YM 32.Bölüm

5.2K 166 10
                                    

Simay içeri girdiğinde tüm gözlerle onu inceledim.Uzun siyah saçları ,kahverengi gözleri,ince fiziğiyle göz alıcıydı.Hemen ellerine baktım ,yüzük falan yoktu.Parlayan dişleriyle Simay , Emre'ye gülümsüyordu.Bozuntuya vermeden adapte olmaya çalıştım.

-Merhaba ,ben Simay dedi Simay yapmacık gülümsemesiyle.

-Bende Eylül dedim.sesimde yapay bir şirinlik vardı.

Simay'da sofraya oturdu.

-Ee gızım neler yaptın anlat bakalım dedi Cahit Ağa

-Napıyım Cahit Amca okul falan derken zaman cok cabuk geçti. dedi Simay

-Nişan falan var mı ? diye sordu Mert.

Kız gülmeye başladı.

-Ay ilahi Mert , yok ya ne nişanlısı .

Çok yılışık bir kız ya .

-Eylül sen nasılsın alışabildin mi ? diye sordu Simay.

-Yani elimden geldiği kadar. dedim

-Emre'nin karısı olmak zordur , kırmadığı ceviz yok dedi gülerek.

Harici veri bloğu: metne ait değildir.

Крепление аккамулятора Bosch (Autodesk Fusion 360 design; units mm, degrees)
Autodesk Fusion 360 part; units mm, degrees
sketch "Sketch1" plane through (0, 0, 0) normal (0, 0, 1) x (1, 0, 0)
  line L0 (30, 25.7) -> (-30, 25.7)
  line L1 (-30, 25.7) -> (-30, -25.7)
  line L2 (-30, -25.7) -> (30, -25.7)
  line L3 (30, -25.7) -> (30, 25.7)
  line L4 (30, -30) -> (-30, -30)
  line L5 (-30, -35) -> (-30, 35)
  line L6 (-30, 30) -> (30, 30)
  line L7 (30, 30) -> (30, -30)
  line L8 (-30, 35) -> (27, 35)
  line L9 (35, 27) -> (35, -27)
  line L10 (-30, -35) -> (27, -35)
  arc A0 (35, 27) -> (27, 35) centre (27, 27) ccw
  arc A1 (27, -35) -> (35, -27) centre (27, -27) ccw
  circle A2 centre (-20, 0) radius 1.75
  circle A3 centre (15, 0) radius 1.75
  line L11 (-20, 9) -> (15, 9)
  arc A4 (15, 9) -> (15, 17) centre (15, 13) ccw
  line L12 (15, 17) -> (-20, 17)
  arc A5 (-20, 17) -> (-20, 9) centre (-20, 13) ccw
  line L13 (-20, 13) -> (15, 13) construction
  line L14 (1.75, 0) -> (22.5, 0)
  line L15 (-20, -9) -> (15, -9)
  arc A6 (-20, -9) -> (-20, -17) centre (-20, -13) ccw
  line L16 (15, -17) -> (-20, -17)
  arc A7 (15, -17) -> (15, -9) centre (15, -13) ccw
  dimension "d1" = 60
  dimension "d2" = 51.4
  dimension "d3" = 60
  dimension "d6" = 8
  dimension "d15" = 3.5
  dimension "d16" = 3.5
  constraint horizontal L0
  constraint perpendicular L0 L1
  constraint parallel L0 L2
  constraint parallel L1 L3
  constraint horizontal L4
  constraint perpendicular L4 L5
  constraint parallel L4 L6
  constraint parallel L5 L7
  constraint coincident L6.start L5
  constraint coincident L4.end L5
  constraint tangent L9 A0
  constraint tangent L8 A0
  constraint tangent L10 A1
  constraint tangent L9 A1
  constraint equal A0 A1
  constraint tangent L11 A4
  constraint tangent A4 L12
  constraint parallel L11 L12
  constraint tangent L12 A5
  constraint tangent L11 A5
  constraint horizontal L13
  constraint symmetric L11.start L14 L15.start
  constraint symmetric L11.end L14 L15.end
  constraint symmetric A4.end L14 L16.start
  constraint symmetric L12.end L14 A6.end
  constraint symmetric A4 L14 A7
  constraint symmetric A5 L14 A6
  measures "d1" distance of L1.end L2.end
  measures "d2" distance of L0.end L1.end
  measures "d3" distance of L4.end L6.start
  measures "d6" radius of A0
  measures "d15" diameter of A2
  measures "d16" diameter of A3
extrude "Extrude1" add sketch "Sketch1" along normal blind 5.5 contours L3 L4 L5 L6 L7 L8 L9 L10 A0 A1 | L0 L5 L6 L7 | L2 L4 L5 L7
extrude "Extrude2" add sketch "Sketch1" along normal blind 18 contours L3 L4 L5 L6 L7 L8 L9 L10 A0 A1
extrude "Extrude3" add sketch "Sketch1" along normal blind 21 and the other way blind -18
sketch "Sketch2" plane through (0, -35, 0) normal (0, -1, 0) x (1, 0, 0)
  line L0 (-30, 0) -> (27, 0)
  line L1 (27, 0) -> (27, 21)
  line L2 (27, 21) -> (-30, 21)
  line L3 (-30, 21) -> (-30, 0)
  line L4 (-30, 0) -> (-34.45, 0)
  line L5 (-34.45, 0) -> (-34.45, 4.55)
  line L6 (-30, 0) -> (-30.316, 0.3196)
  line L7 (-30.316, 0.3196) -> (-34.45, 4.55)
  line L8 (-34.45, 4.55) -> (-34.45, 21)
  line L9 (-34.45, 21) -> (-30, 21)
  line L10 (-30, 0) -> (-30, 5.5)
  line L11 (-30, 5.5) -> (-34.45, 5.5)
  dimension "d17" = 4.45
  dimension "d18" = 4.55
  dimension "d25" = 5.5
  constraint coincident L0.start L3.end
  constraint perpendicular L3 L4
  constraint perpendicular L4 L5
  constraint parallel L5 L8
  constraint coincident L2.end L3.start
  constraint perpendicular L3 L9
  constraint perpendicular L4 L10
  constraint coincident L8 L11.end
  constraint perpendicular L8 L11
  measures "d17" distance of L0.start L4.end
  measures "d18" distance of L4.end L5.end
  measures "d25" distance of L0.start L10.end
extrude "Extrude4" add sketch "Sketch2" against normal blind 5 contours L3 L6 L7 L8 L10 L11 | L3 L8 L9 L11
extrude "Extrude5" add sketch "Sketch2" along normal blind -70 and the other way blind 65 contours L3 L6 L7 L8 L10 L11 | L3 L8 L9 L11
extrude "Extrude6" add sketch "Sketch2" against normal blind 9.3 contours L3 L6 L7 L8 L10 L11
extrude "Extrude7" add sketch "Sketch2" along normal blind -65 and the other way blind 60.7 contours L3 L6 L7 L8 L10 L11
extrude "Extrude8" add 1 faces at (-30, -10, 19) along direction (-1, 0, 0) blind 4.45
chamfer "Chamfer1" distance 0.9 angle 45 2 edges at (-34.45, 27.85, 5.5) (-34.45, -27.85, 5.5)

Benim sinirden gözlerim kızarırken tükürüğüm boğazıma kaçtı ve öksürmeye başladım.O kadar güçlü bir öksürüktü ki midem bulandı yine öğürmeye başladım.Kusmadan önce tuvalete koştum.işim bittiğinde elimi yüzümü yıkayıp, dişlerimi fırçalayıp yanlarına gittim.

-Midemi üşütmüşüm herhalde ama şimdi iyiyim dedi Emre'ye bakmayarak.

Yemekler yendikten sonra herkes salona geçti.Simay bizlere Amerika maceralarını anlatıyordu.Sonra konuyu Emre'ye getirdi

-Ay Eylül senin bu kocan yok mu cok fenadır o diye kahkaha attı.

Bir anısı bitiyor diğer anısını anlatıyor.Cok fazla olmaya başladı.Hemen ayaklandım.

-Nereye Eylül diye sordu Emre 

-Yatmaya dedim 

-Kocanı beklemeyecek misan gelin hanım dedi Efsun Hanım .

-Misafiriyle sohbet ediyor Emre Ağa'm şimdi bölmek olmaz dedim

-Eylül otur dedi Emre sinirlendiğini belli eden bir tonda

-Uykum geldi. dedim omuz silkerek

-Bana ayıp değil canım gitsin uyusun hem uzun zaman olunca sohbetimiz uzun sürer doğrudur dedi.

Kimsenin birşey demesine izin vermeden odama çıktı .Arkamdan Emre'de odaya girdi.

-Ne yaptığını sanıyorsun Eylül?! dedi sesini yükselterek

-Ne yapıyormuşum ? Sen Simay'la sohbet ederken uykum geldi yatmaya gittim ağam (!).

-Bıktım şu şımarıklığından diye bağırdı ve beni kollarımdan sıkıca tuttu.Canım acıyordu.

-Bırak beni Emre !Kızın içine düşeceksin ve ben şımarıyorum öyle mi ?

-Bana bak ! Sana ne kadar sabır gösteriyorum farkında mısın ?! Seninle ne zamandır karşılıklı oturup sohbet edebildik söyle bana ! Hep senin şımarıkların . Sonra bana dayanamıyorum diyorsun.Bende bıktım Eylül! Anlayış göstermemenden sıkıldım artık.Ne var karşılıklı bir arkadaşımla konuşmuşsam ?!

-Ya evet ne demezsin ! Sabır gösteriyormuş.Bu sabır göstermiş halinde Emre Bey !

-Tamam Eylül sen bilirsin artık zaten sabrım kalmadı.O zaman görürsün sabırsız Emre'yi.